PROBLEM TO SOLVE –
Copy out all lines in the material below that contain the string "lineweight".

RAW DATA below:

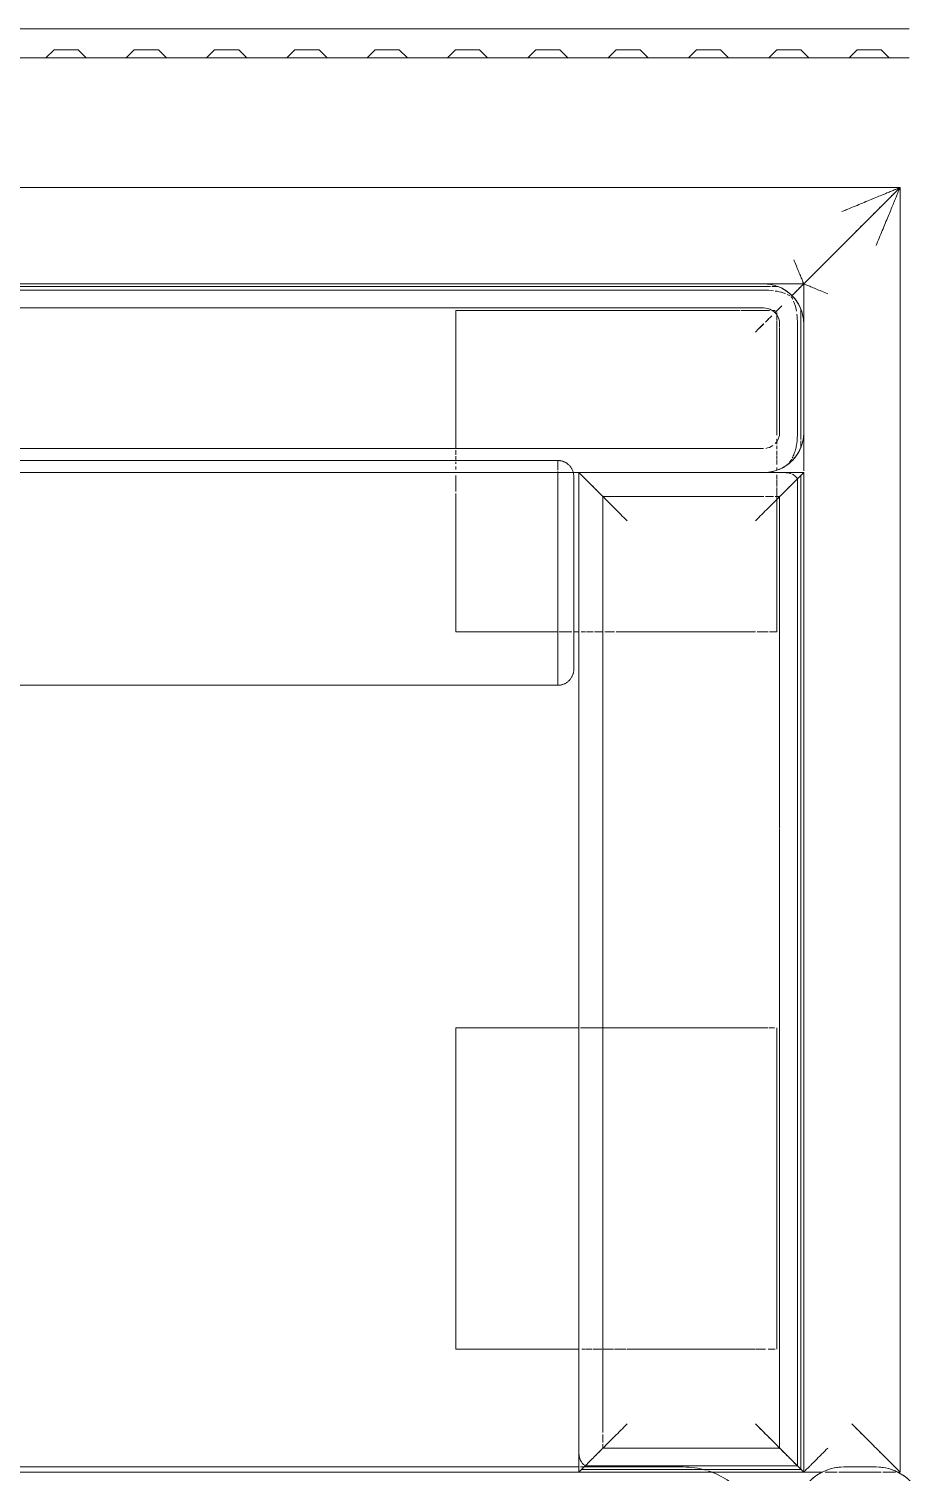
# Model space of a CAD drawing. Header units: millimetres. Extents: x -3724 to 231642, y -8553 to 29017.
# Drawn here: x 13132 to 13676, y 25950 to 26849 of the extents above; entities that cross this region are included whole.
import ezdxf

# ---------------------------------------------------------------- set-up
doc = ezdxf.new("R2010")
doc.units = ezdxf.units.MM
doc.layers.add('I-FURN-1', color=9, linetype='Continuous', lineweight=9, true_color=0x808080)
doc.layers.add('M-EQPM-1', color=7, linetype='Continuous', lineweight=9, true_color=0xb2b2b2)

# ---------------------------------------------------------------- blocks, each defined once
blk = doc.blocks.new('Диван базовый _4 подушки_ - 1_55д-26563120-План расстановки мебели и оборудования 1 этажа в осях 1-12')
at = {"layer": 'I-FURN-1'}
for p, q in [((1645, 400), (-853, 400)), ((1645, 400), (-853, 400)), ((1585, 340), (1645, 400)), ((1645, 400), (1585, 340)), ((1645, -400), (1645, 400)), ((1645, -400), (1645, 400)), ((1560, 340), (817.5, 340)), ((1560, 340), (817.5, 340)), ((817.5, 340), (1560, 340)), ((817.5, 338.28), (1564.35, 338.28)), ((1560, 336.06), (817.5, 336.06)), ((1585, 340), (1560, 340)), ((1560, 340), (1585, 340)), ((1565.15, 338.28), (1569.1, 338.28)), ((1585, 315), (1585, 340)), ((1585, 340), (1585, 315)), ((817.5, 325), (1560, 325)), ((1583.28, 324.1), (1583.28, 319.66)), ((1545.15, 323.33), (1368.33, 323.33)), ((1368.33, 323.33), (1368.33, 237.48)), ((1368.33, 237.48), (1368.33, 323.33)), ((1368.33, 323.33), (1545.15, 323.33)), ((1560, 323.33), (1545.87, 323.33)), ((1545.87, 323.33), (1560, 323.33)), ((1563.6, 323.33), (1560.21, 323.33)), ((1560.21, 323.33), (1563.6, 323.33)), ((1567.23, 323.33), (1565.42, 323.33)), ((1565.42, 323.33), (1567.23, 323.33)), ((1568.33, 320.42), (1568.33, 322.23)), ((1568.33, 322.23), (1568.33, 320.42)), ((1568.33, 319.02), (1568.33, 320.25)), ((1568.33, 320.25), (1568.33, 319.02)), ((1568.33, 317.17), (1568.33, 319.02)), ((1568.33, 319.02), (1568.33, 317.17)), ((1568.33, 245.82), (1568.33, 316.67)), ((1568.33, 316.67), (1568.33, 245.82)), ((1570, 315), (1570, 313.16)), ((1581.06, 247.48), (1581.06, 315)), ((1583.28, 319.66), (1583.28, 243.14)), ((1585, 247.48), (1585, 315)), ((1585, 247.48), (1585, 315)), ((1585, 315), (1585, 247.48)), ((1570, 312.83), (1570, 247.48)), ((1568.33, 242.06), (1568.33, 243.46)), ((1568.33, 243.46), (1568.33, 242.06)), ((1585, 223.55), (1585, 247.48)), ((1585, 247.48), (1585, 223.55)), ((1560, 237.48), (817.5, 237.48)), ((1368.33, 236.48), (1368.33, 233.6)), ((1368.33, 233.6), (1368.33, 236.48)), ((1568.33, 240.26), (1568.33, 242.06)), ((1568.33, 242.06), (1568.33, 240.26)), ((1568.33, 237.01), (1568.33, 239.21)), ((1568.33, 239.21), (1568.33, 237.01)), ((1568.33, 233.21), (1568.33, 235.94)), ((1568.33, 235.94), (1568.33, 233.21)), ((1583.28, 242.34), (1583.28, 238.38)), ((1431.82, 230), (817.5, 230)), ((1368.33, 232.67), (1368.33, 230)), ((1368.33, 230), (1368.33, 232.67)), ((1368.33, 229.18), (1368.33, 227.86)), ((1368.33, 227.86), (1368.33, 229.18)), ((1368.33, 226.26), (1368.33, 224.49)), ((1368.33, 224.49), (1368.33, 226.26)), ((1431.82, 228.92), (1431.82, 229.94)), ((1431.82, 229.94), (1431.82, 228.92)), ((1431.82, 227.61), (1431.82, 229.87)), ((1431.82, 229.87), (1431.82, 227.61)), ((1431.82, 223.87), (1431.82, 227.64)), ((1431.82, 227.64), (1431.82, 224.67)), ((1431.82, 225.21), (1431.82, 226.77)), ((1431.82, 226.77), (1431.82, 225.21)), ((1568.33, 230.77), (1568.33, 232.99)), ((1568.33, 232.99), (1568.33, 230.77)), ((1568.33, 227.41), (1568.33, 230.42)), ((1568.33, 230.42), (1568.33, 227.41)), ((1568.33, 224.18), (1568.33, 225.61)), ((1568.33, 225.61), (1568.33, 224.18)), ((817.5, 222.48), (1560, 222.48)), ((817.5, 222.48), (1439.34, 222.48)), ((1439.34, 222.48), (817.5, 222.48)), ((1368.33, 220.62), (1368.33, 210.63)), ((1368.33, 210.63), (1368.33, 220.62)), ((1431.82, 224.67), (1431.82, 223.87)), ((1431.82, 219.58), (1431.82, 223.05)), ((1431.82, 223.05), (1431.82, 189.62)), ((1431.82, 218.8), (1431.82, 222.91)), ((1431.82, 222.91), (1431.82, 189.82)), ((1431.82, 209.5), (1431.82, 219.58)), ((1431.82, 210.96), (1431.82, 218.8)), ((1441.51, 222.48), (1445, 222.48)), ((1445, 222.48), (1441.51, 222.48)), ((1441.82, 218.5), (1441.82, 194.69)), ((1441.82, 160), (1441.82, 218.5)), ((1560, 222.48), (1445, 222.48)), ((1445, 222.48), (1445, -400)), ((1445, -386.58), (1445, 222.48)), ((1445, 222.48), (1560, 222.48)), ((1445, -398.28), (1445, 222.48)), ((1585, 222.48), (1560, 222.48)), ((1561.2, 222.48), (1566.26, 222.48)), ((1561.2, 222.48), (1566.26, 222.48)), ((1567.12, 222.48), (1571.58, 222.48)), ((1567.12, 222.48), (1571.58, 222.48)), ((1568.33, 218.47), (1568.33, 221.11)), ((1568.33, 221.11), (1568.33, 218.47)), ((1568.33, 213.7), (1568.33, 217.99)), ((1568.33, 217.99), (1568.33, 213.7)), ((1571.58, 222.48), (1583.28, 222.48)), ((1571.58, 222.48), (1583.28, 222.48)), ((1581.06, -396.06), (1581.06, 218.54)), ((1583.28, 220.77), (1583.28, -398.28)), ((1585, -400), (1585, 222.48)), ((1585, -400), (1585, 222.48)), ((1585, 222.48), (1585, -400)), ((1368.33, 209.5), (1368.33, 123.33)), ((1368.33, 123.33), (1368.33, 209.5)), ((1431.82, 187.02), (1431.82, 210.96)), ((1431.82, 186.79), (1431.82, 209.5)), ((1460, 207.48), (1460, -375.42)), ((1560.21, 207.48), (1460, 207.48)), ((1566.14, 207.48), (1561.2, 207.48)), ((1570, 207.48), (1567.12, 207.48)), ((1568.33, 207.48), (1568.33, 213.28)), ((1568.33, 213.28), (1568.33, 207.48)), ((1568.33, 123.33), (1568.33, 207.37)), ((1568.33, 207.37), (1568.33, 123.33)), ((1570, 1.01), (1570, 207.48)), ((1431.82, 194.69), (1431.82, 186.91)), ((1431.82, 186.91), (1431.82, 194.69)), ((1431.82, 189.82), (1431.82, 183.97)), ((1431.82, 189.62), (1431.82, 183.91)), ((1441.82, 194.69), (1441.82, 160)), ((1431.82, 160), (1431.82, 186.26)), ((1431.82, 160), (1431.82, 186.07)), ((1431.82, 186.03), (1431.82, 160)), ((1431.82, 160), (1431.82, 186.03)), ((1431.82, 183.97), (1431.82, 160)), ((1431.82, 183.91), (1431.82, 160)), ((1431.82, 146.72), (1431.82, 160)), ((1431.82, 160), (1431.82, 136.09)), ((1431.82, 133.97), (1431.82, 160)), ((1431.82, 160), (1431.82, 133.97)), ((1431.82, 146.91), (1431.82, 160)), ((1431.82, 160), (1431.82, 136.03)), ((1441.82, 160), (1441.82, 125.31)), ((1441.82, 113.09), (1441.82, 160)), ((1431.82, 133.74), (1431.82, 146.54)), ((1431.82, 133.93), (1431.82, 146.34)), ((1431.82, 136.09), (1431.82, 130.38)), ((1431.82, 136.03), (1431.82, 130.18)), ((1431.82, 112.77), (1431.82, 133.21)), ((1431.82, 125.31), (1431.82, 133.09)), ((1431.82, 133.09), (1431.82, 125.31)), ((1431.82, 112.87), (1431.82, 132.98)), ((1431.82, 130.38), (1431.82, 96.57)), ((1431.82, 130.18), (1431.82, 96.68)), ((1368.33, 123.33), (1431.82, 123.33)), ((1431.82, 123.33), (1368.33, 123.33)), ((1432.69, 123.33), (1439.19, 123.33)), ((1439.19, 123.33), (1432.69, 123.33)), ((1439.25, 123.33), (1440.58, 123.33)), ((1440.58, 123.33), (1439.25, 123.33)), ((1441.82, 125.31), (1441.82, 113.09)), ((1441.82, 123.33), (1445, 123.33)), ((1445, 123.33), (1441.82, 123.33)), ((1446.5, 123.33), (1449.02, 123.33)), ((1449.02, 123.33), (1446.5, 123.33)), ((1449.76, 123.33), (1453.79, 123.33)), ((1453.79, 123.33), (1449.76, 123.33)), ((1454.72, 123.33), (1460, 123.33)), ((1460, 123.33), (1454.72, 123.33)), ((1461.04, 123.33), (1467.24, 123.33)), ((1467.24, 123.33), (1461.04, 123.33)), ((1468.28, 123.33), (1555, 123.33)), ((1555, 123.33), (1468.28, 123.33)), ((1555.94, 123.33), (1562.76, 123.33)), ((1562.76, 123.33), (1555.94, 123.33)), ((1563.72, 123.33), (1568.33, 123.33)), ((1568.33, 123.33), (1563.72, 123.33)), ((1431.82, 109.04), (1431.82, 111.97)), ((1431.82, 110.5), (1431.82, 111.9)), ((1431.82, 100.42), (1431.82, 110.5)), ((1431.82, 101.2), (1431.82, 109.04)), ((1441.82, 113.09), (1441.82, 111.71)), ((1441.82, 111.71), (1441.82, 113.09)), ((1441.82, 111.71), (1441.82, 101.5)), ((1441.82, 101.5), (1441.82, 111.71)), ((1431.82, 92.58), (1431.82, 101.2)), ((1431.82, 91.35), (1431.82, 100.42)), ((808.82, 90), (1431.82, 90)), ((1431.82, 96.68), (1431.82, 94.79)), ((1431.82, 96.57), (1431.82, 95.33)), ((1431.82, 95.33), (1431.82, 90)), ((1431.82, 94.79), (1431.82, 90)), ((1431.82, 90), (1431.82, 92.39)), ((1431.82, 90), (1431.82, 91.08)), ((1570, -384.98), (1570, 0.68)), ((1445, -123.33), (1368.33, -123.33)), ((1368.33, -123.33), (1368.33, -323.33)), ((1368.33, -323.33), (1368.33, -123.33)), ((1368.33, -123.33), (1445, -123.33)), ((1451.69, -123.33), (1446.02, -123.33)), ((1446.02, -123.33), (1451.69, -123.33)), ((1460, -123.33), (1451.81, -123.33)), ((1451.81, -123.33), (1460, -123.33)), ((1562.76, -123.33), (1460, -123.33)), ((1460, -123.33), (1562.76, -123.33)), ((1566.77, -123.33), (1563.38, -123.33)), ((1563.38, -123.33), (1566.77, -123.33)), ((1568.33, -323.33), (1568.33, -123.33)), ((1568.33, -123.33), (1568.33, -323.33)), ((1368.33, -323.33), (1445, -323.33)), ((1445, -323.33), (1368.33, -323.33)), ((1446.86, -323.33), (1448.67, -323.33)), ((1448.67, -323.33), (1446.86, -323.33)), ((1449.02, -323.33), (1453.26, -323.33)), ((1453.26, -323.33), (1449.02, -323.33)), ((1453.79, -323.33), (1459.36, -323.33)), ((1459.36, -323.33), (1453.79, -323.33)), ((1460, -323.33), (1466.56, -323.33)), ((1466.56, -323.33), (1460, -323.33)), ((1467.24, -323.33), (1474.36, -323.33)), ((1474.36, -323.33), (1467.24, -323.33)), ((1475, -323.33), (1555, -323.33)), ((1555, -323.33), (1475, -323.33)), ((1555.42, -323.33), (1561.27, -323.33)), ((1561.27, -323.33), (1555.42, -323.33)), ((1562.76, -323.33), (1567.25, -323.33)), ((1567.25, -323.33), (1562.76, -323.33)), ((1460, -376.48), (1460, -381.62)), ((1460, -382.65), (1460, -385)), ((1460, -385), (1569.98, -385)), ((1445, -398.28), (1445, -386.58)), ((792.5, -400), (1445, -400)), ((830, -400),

End of RAW DATA.

RESPONSE AREA –
doc.layers.add('I-FURN-1', color=9, linetype='Continuous', lineweight=9, true_color=0x808080)
doc.layers.add('M-EQPM-1', color=7, linetype='Continuous', lineweight=9, true_color=0xb2b2b2)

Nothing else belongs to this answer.